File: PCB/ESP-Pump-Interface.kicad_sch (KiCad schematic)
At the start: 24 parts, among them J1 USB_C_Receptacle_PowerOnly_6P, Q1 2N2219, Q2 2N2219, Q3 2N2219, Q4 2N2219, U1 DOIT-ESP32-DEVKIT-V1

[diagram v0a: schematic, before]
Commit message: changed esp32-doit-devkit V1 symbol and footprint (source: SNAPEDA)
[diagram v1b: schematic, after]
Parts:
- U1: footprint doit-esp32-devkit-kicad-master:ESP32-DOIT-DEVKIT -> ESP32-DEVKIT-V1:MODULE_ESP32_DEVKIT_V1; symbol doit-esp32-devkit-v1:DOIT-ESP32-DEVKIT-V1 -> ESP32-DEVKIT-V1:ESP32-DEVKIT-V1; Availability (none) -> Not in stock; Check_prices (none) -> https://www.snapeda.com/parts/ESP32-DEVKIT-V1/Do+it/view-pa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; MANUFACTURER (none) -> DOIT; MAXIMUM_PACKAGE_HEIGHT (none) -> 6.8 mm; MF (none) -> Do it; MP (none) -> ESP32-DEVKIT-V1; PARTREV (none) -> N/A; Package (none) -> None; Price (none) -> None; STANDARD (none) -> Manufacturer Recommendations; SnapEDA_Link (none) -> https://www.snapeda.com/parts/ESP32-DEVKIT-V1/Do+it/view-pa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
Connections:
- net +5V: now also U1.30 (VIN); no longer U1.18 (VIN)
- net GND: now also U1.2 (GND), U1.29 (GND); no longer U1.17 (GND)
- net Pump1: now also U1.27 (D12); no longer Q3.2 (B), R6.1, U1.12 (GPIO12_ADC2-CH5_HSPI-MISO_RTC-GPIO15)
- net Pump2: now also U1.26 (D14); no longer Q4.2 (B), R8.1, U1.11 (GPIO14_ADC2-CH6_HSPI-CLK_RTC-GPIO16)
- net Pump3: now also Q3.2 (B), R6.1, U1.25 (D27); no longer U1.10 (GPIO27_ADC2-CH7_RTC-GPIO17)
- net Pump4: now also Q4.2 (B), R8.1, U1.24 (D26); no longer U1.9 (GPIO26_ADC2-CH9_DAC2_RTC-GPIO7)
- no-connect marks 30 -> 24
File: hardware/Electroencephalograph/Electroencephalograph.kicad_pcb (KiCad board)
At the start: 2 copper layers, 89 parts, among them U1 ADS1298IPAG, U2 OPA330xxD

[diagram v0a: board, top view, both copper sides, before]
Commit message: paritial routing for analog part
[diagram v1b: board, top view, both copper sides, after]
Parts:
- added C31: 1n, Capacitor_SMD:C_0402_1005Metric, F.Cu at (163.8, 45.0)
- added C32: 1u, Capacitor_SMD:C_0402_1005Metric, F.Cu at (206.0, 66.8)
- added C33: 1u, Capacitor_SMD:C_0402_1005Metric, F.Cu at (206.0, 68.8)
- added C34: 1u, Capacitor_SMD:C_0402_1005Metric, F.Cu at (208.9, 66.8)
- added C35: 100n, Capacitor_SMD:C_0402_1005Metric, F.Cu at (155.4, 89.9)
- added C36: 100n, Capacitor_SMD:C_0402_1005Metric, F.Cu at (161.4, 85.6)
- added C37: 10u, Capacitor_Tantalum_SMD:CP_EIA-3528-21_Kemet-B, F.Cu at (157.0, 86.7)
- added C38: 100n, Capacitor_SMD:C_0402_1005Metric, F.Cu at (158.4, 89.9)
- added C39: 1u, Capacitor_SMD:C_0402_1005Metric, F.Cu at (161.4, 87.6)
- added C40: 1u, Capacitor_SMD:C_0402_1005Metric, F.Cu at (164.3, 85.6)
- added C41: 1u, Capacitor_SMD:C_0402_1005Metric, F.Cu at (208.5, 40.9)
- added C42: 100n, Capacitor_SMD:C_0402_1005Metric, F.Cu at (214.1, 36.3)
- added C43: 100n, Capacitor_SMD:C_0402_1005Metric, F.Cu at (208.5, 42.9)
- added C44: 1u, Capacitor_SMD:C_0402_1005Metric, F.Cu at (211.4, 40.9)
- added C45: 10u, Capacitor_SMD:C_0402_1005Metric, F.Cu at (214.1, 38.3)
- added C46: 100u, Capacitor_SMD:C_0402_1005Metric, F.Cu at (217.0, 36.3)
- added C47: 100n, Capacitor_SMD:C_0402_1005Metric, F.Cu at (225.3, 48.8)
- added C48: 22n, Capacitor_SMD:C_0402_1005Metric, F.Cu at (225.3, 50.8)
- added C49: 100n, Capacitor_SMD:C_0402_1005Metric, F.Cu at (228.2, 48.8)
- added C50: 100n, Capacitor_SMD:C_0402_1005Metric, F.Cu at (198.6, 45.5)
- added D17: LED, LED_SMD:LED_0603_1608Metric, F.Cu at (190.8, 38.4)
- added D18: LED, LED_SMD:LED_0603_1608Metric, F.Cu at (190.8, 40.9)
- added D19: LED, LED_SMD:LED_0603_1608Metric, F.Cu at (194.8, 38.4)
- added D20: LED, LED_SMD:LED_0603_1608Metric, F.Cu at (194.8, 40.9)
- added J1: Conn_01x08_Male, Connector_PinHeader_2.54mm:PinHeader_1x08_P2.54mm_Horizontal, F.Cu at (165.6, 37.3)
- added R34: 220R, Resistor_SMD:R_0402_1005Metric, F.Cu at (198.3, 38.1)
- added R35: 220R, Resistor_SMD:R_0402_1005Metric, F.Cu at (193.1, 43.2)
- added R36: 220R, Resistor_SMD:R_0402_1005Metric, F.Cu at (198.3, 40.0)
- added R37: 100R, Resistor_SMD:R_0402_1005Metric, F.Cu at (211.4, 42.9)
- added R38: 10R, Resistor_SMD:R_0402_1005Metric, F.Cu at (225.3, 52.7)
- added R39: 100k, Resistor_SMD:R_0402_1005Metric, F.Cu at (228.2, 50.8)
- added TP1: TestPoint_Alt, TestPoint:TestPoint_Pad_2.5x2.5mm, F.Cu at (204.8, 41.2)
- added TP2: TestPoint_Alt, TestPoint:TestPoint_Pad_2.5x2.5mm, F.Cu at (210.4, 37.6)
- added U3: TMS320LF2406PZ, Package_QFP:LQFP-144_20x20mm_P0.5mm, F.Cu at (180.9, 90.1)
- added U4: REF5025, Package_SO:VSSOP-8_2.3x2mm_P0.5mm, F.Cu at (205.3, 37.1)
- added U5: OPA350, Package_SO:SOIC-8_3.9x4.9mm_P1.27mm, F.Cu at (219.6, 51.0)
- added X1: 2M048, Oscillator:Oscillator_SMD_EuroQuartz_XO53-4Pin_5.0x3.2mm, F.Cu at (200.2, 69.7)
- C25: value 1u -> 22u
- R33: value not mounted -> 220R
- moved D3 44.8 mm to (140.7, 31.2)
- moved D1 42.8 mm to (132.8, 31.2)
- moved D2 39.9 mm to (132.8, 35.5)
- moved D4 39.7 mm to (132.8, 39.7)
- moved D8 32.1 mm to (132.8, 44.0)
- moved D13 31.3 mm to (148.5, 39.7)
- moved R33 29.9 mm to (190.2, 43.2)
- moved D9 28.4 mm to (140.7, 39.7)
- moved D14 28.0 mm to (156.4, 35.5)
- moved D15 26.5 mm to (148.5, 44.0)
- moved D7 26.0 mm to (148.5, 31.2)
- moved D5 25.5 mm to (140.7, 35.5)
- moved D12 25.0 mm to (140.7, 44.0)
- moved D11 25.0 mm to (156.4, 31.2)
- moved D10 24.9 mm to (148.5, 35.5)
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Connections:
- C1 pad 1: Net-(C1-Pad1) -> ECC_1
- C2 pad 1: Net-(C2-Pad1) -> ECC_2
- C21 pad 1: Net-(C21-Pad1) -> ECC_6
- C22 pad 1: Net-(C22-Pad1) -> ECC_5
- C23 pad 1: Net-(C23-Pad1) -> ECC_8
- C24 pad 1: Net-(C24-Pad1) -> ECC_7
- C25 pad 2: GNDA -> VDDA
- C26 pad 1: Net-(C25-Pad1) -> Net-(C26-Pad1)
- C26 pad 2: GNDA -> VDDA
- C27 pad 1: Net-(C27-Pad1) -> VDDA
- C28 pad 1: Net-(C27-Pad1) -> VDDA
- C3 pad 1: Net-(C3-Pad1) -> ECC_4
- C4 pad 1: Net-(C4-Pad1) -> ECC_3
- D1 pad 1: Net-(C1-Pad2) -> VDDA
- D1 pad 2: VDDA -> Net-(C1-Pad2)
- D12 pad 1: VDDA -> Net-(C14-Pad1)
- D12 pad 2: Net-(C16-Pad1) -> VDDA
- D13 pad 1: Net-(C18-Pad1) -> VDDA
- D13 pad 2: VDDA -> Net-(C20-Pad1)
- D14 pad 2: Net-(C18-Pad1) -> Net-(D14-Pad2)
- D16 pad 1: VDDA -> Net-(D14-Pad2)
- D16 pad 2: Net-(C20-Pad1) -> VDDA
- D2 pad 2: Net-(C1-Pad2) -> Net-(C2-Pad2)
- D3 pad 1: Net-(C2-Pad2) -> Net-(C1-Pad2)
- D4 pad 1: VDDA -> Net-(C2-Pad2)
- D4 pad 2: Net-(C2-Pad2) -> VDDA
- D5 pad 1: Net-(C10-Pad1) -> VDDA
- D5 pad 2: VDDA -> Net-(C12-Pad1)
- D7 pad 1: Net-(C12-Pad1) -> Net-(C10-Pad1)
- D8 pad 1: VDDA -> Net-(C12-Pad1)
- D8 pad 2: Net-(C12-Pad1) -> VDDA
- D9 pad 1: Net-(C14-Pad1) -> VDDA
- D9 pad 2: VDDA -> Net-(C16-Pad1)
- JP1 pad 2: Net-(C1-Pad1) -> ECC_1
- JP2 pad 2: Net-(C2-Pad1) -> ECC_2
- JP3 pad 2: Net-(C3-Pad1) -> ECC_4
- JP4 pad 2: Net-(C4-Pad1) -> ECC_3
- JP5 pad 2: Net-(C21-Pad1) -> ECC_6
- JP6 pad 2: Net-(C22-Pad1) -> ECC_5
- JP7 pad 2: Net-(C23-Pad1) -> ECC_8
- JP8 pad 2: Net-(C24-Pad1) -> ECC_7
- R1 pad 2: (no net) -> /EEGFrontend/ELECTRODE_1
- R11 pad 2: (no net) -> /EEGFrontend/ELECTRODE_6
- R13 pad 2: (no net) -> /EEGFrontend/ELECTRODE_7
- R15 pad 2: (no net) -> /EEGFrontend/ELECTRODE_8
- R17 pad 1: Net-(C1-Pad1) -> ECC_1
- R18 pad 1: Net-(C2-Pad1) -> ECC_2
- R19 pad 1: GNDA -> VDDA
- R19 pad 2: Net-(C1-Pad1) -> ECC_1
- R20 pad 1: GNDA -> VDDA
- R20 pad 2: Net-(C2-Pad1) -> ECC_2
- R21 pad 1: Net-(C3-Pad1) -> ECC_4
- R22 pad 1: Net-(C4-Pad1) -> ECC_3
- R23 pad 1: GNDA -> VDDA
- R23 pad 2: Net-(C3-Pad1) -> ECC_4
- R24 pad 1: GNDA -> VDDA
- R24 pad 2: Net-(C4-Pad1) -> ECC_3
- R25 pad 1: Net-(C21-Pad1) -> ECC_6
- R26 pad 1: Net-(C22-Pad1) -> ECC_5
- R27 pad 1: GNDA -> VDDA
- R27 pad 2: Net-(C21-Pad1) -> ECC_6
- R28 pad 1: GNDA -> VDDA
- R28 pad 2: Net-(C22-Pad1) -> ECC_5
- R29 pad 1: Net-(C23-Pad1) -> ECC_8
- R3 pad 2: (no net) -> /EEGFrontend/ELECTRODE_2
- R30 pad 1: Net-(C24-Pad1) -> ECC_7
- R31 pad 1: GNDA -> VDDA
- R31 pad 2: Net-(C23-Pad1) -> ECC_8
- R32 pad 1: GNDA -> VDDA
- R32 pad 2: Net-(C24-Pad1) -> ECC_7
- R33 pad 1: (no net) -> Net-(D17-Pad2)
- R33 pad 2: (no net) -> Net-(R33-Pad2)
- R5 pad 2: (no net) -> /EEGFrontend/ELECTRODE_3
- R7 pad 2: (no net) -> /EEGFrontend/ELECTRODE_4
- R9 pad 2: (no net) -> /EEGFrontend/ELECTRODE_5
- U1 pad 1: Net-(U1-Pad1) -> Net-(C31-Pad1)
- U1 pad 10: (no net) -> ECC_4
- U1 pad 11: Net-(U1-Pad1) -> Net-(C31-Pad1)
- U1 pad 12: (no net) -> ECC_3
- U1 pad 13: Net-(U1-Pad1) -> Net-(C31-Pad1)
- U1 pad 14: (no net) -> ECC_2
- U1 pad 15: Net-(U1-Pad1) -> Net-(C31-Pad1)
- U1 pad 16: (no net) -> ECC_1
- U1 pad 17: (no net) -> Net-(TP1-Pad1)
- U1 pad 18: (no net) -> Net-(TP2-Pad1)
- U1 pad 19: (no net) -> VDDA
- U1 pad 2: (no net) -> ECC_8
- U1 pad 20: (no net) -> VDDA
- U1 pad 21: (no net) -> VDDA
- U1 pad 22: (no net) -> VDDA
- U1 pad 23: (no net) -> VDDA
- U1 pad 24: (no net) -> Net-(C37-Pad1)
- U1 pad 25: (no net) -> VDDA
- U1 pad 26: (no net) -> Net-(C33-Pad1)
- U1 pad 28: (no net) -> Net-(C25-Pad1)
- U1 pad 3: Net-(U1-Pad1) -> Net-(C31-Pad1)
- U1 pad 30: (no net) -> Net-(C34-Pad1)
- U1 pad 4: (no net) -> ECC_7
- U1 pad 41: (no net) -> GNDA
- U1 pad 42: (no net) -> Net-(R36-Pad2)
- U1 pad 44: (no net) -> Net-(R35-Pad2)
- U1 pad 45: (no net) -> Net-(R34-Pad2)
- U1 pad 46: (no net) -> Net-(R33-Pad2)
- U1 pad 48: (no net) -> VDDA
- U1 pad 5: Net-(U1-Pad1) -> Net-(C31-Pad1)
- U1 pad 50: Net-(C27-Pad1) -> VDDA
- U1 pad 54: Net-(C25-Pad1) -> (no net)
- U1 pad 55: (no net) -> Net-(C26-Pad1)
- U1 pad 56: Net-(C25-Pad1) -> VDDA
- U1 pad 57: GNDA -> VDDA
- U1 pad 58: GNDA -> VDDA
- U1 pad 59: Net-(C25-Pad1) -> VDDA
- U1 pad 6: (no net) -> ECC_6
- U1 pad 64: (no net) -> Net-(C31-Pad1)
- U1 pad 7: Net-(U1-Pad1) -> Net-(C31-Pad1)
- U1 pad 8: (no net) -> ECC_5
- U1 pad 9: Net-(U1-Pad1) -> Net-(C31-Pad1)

▶ EXERCISE REQUIREMENTS
For this exercise, please output exactly the lines above starting at the line with "- R24 pad 2: Net-(C4-Pad1) -> ECC_3" and ending at the line with "- U1 pad 1: Net-(U1-Pad1) -> Net-(C31-Pad1)", ends included.

▶ REPLY TO THE TASK
- R24 pad 2: Net-(C4-Pad1) -> ECC_3
- R25 pad 1: Net-(C21-Pad1) -> ECC_6
- R26 pad 1: Net-(C22-Pad1) -> ECC_5
- R27 pad 1: GNDA -> VDDA
- R27 pad 2: Net-(C21-Pad1) -> ECC_6
- R28 pad 1: GNDA -> VDDA
- R28 pad 2: Net-(C22-Pad1) -> ECC_5
- R29 pad 1: Net-(C23-Pad1) -> ECC_8
- R3 pad 2: (no net) -> /EEGFrontend/ELECTRODE_2
- R30 pad 1: Net-(C24-Pad1) -> ECC_7
- R31 pad 1: GNDA -> VDDA
- R31 pad 2: Net-(C23-Pad1) -> ECC_8
- R32 pad 1: GNDA -> VDDA
- R32 pad 2: Net-(C24-Pad1) -> ECC_7
- R33 pad 1: (no net) -> Net-(D17-Pad2)
- R33 pad 2: (no net) -> Net-(R33-Pad2)
- R5 pad 2: (no net) -> /EEGFrontend/ELECTRODE_3
- R7 pad 2: (no net) -> /EEGFrontend/ELECTRODE_4
- R9 pad 2: (no net) -> /EEGFrontend/ELECTRODE_5
- U1 pad 1: Net-(U1-Pad1) -> Net-(C31-Pad1)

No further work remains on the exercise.